--- TASK INPUTS ---
'''

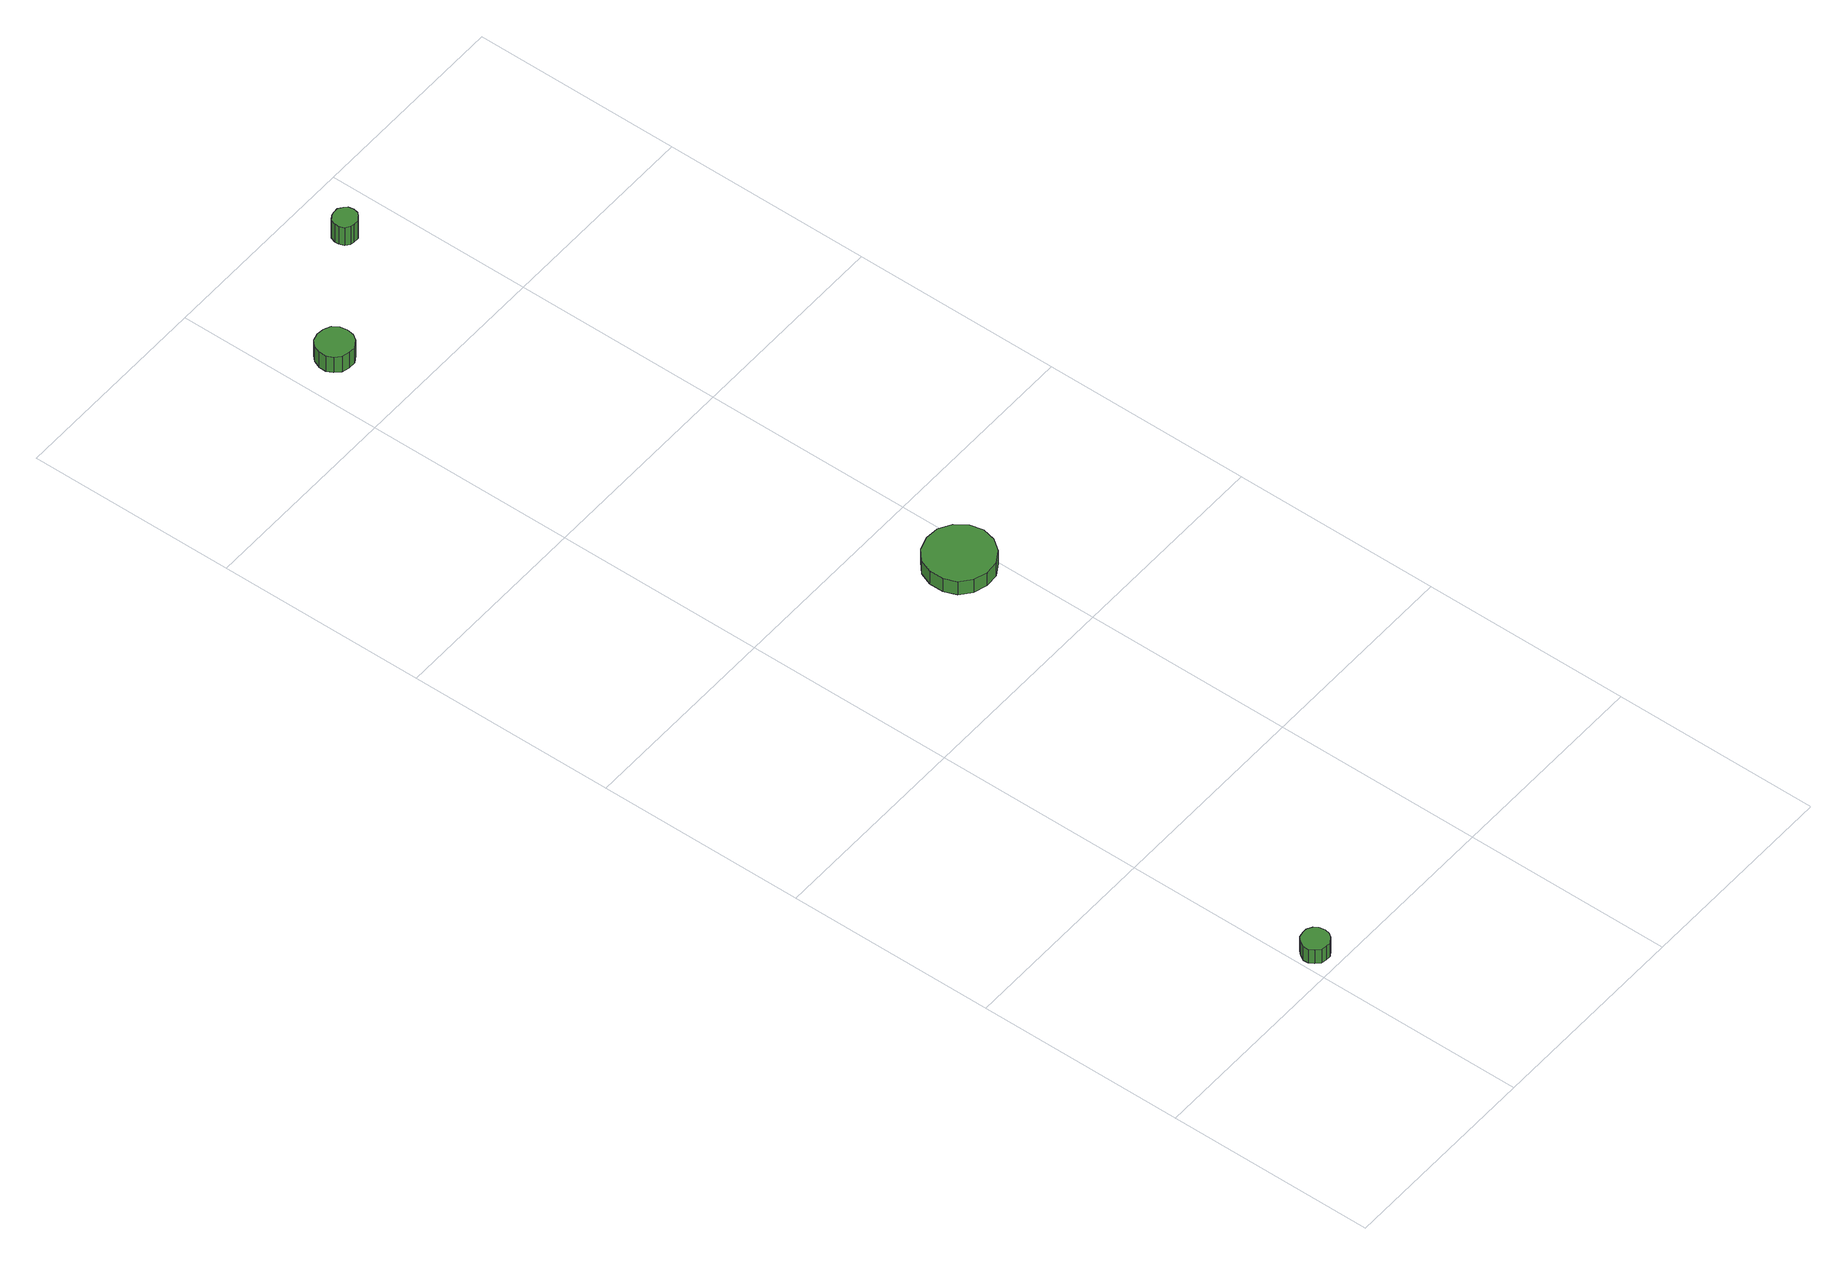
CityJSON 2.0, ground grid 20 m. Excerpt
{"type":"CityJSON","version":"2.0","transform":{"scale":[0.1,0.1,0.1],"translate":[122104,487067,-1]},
"CityObjects":{
"tree1":{"type":"SolitaryVegetationObject","attributes":{"function":"something"},"geometry":[{"type":"MultiSurface","lod":"1","boundaries":[[[0,1,2,3,4,5,6,7,8,9,10,11,12,13,14]],[[15,16,17,18,19,20,21,22,23,24,25,26,27,28,29]],[[0,29,28,1]],[[1,28,27,2]],[[2,27,26,3]],[[3,26,25,4]],[[4,25,24,5]],[[5,24,23,6]],[[6,23,22,7]],[[7,22,21,8]],[[8,21,20,9]],[[9,20,19,10]],[[10,19,18,11]],[[11,18,17,12]],[[12,17,16,13]],[[13,16,15,14]],[[14,15,29,0]]]}]},
"tree2":{"type":"SolitaryVegetationObject","attributes":{"function":"something"},"geometry":[{"type":"MultiSurface","lod":"1","boundaries":[[[30,31,32,33,34,35,36,37,38,39,40,41,42,43,44]],[[45,46,47,48,49,50,51,52,53,54,55,56,57,58,59]],[[30,59,58,31]],[[31,58,57,32]],[[32,57,56,33]],[[33,56,55,34]],[[34,55,54,35]],[[35,54,53,36]],[[36,53,52,37]],[[37,52,51,38]],[[38,51,50,39]],[[39,50,49,40]],[[40,49,48,41]],[[41,48,47,42]],[[42,47,46,43]],[[43,46,45,44]],[[44,45,59,30]]]}]},
"tree3":{"type":"SolitaryVegetationObject","attributes":{"function":"something"},"geometry":[{"type":"MultiSurface","lod":"1","boundaries":[[[60,61,62,63,64,65,66,67,68,69,70,71,72,73,74]],[[75,76,77,78,79,80,81,82,83,84,85,86,87,88,89]],[[60,89,88,61]],[[61,88,87,62]],[[62,87,86,63]],[[63,86,85,64]],[[64,85,84,65]],[[65,84,83,66]],[[66,83,82,67]],[[67,82,81,68]],[[68,81,80,69]],[[69,80,79,70]],[[70,79,78,71]],[[71,78,77,72]],[[72,77,76,73]],[[73,76,75,74]],[[74,75,89,60]]]}]},
"tree4":{"type":"SolitaryVegetationObject","attributes":{"function":"something"},"geometry":[{"type":"MultiSurface","lod":"1","boundaries":[[[90,91,92,93,94,95,96,97,98,99,100,101,102,103,104]],[[105,106,107,108,109,110,111,112,113,114,115,116,117,118,119]],[[90,119,118,91]],[[91,118,117,92]],[[92,117,116,93]],[[93,116,115,94]],[[94,115,114,95]],[[95,114,113,96]],[[96,113,112,97]],[[97,112,111,98]],[[98,111,110,99]],[[99,110,109,100]],[[100,109,108,101]],[[101,108,107,102]],[[102,107,106,103]],[[103,106,105,104]],[[104,105,119,90]]]}]}
},
"vertices":[
[29,21,27],[28,27,27],[25,31,27],[20,34,27],[15,34,27],[10,33,27],[6,29,27],[3,24,27],[3,19,27],[6,14,27],[10,10,27],[15,9,27],[20,9,27],[25,12,27],[28,16,27],[28,16,10],[25,12,10],[20,9,10],[15,9,10],[10,10,10],[6,14,10],[3,19,10],[3,24,10],[6,29,10],[10,33,10],[15,34,10],[20,34,10],[25,31,10],[28,27,10],[29,21,10],
[208,521,26],[205,534,26],[197,545,26],[185,552,26],[172,553,26],[159,549,26],[149,540,26],[144,528,26],[144,514,26],[149,502,26],[159,493,26],[172,489,26],[185,490,26],[197,497,26],[205,508,26],[205,508,10],[197,497,10],[185,490,10],[172,489,10],[159,493,10],[149,502,10],[144,514,10],[144,528,10],[149,540,10],[159,549,10],[172,553,10],[185,552,10],[197,545,10],[205,534,10],[208,521,10],
[59,1075,26],[58,1082,26],[54,1088,26],[47,1091,26],[40,1092,26],[33,1090,26],[28,1085,26],[25,1078,26],[25,1071,26],[28,1065,26],[33,1060,26],[40,1058,26],[47,1058,26],[54,1062,26],[58,1068,26],[58,1068,7],[54,1062,7],[47,1058,7],[40,1058,7],[33,1060,7],[28,1065,7],[25,1071,7],[25,1078,7],[28,1085,7],[33,1090,7],[40,1092,7],[47,1091,7],[54,1088,7],[58,1082,7],[59,1075,7],
[166,1152,30],[165,1157,30],[162,1160,30],[158,1163,30],[153,1163,30],[149,1162,30],[145,1159,30],[143,1154,30],[143,1150,30],[145,1145,30],[149,1142,30],[153,1141,30],[158,1141,30],[162,1144,30],[165,1147,30],[165,1147,8],[162,1144,8],[158,1141,8],[153,1141,8],[149,1142,8],[145,1145,8],[143,1150,8],[143,1154,8],[145,1159,8],[149,1162,8],[153,1163,8],[158,1163,8],[162,1160,8],[165,1157,8],[166,1152,8]
]}

'''

--- WHAT YOU NEED TO DO ---
Among the lines above, which hold the word "CityJSON"? Report each one.

--- SOLVED EXERCISE ---
CityJSON 2.0, ground grid 20 m. Excerpt
{"type":"CityJSON","version":"2.0","transform":{"scale":[0.1,0.1,0.1],"translate":[122104,487067,-1]},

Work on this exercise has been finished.